§ **EXERCISE AIM**: Could you restate exactly the lines that begin at the line with "#48=CARTESIAN_POINT('',(2.1375,2.05,-2.8875));" and end at the final line of the data?
:: DATA TO PROCESS
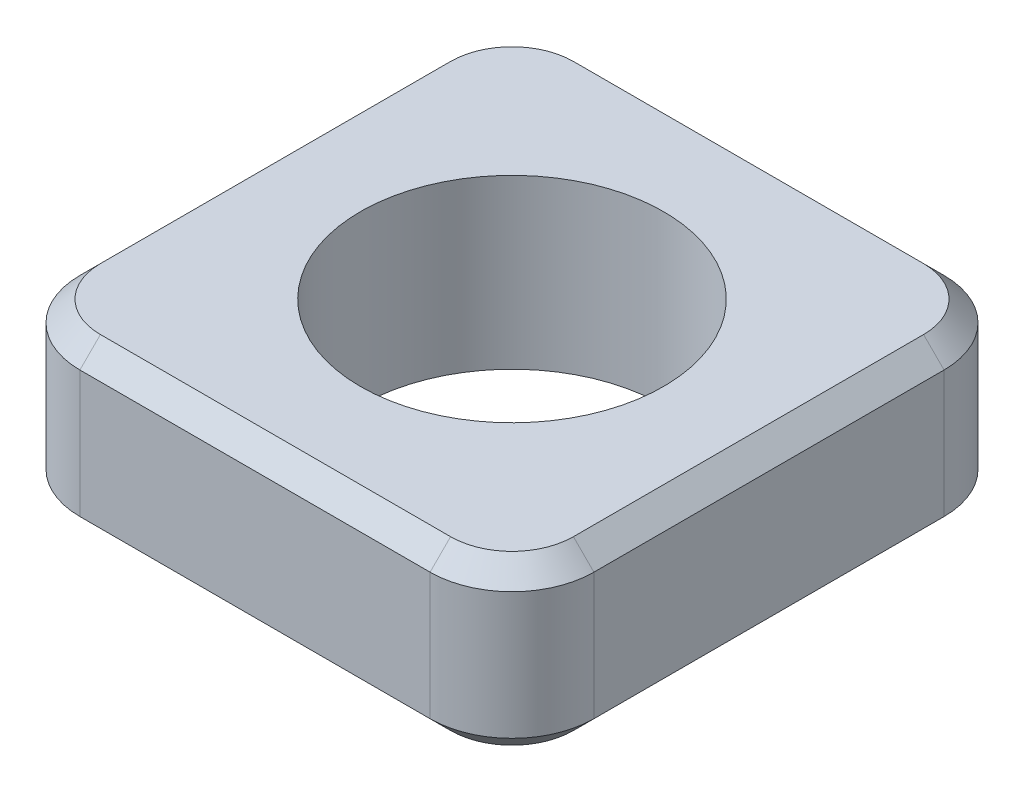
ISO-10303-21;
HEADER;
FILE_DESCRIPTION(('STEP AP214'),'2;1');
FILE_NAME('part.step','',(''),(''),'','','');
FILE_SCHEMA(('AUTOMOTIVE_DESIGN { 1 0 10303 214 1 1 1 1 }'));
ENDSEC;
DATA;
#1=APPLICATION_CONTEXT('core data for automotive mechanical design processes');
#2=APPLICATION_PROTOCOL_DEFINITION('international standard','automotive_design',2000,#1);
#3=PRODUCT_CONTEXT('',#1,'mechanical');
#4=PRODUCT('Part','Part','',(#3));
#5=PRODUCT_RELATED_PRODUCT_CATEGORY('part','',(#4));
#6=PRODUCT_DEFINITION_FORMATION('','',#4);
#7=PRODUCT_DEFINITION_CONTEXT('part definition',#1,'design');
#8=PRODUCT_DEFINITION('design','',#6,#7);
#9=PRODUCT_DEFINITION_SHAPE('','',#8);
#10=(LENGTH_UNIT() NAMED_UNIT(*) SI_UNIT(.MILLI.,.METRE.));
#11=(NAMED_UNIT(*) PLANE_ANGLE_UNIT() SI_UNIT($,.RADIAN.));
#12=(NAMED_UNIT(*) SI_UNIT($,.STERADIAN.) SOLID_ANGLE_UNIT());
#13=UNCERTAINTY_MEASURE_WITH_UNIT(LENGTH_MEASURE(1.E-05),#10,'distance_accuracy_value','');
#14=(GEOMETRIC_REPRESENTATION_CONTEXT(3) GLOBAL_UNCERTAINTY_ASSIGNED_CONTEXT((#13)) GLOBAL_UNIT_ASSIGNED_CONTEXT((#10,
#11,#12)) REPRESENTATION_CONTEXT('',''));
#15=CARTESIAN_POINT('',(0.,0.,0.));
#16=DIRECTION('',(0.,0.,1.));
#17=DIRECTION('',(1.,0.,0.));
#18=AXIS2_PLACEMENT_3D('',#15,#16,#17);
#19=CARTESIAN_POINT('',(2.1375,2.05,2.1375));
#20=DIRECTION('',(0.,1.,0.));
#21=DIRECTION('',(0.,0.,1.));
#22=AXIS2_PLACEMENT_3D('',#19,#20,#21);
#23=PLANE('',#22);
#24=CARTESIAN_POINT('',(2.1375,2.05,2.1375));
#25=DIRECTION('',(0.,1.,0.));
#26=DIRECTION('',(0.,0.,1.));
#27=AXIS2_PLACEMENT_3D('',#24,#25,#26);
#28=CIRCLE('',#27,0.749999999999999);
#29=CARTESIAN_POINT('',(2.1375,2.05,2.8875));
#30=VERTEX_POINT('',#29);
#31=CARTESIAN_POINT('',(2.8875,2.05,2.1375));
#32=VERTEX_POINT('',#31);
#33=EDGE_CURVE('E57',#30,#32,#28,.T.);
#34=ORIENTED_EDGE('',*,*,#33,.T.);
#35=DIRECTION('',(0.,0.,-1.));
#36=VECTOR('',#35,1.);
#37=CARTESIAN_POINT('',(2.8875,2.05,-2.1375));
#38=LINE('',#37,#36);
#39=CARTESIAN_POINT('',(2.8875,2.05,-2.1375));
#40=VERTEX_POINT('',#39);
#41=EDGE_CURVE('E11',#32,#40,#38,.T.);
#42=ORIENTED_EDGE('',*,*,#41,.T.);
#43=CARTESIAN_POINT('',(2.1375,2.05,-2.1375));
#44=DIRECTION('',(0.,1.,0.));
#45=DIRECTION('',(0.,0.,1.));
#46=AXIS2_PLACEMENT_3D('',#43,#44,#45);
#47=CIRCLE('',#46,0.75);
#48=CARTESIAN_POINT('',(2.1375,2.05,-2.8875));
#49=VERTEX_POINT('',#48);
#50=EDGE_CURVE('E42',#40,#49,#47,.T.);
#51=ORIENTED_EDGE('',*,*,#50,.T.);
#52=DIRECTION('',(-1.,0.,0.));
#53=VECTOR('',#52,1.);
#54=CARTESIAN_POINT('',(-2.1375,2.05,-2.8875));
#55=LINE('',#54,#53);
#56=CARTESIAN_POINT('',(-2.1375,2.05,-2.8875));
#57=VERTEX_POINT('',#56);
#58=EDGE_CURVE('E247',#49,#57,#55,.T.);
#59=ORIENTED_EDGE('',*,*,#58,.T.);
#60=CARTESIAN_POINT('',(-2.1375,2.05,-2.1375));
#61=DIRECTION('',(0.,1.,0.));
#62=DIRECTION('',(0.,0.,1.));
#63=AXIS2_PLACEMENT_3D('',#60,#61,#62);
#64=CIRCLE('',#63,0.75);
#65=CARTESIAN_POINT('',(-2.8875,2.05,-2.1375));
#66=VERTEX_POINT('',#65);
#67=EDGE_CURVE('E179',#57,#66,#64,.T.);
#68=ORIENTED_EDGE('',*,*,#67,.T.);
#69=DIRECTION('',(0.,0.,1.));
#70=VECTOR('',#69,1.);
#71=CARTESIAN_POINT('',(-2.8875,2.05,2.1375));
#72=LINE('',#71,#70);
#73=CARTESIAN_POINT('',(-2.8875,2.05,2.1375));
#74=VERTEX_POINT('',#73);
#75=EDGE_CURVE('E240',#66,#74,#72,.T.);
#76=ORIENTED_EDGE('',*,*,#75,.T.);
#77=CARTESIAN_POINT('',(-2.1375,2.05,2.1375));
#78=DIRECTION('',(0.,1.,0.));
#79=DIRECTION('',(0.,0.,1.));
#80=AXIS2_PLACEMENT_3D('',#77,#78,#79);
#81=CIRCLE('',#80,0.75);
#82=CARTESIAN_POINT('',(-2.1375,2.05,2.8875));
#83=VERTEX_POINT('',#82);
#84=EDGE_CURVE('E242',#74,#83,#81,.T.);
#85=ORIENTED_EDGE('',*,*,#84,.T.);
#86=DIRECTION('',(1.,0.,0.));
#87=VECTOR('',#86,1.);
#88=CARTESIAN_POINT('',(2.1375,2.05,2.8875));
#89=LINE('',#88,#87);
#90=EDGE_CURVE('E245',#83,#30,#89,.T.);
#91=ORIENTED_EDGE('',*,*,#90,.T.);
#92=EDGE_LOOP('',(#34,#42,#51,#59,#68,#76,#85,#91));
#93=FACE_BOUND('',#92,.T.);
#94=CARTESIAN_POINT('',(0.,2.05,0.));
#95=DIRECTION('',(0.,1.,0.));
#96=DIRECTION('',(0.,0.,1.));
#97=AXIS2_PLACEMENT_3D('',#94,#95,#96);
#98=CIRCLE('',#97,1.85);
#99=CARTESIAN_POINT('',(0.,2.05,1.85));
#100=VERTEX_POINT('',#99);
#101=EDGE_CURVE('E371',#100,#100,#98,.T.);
::::
§ **SOLVED EXERCISE**:
#48=CARTESIAN_POINT('',(2.1375,2.05,-2.8875));
#49=VERTEX_POINT('',#48);
#50=EDGE_CURVE('E42',#40,#49,#47,.T.);
#51=ORIENTED_EDGE('',*,*,#50,.T.);
#52=DIRECTION('',(-1.,0.,0.));
#53=VECTOR('',#52,1.);
#54=CARTESIAN_POINT('',(-2.1375,2.05,-2.8875));
#55=LINE('',#54,#53);
#56=CARTESIAN_POINT('',(-2.1375,2.05,-2.8875));
#57=VERTEX_POINT('',#56);
#58=EDGE_CURVE('E247',#49,#57,#55,.T.);
#59=ORIENTED_EDGE('',*,*,#58,.T.);
#60=CARTESIAN_POINT('',(-2.1375,2.05,-2.1375));
#61=DIRECTION('',(0.,1.,0.));
#62=DIRECTION('',(0.,0.,1.));
#63=AXIS2_PLACEMENT_3D('',#60,#61,#62);
#64=CIRCLE('',#63,0.75);
#65=CARTESIAN_POINT('',(-2.8875,2.05,-2.1375));
#66=VERTEX_POINT('',#65);
#67=EDGE_CURVE('E179',#57,#66,#64,.T.);
#68=ORIENTED_EDGE('',*,*,#67,.T.);
#69=DIRECTION('',(0.,0.,1.));
#70=VECTOR('',#69,1.);
#71=CARTESIAN_POINT('',(-2.8875,2.05,2.1375));
#72=LINE('',#71,#70);
#73=CARTESIAN_POINT('',(-2.8875,2.05,2.1375));
#74=VERTEX_POINT('',#73);
#75=EDGE_CURVE('E240',#66,#74,#72,.T.);
#76=ORIENTED_EDGE('',*,*,#75,.T.);
#77=CARTESIAN_POINT('',(-2.1375,2.05,2.1375));
#78=DIRECTION('',(0.,1.,0.));
#79=DIRECTION('',(0.,0.,1.));
#80=AXIS2_PLACEMENT_3D('',#77,#78,#79);
#81=CIRCLE('',#80,0.75);
#82=CARTESIAN_POINT('',(-2.1375,2.05,2.8875));
#83=VERTEX_POINT('',#82);
#84=EDGE_CURVE('E242',#74,#83,#81,.T.);
#85=ORIENTED_EDGE('',*,*,#84,.T.);
#86=DIRECTION('',(1.,0.,0.));
#87=VECTOR('',#86,1.);
#88=CARTESIAN_POINT('',(2.1375,2.05,2.8875));
#89=LINE('',#88,#87);
#90=EDGE_CURVE('E245',#83,#30,#89,.T.);
#91=ORIENTED_EDGE('',*,*,#90,.T.);
#92=EDGE_LOOP('',(#34,#42,#51,#59,#68,#76,#85,#91));
#93=FACE_BOUND('',#92,.T.);
#94=CARTESIAN_POINT('',(0.,2.05,0.));
#95=DIRECTION('',(0.,1.,0.));
#96=DIRECTION('',(0.,0.,1.));
#97=AXIS2_PLACEMENT_3D('',#94,#95,#96);
#98=CIRCLE('',#97,1.85);
#99=CARTESIAN_POINT('',(0.,2.05,1.85));
#100=VERTEX_POINT('',#99);
#101=EDGE_CURVE('E371',#100,#100,#98,.T.);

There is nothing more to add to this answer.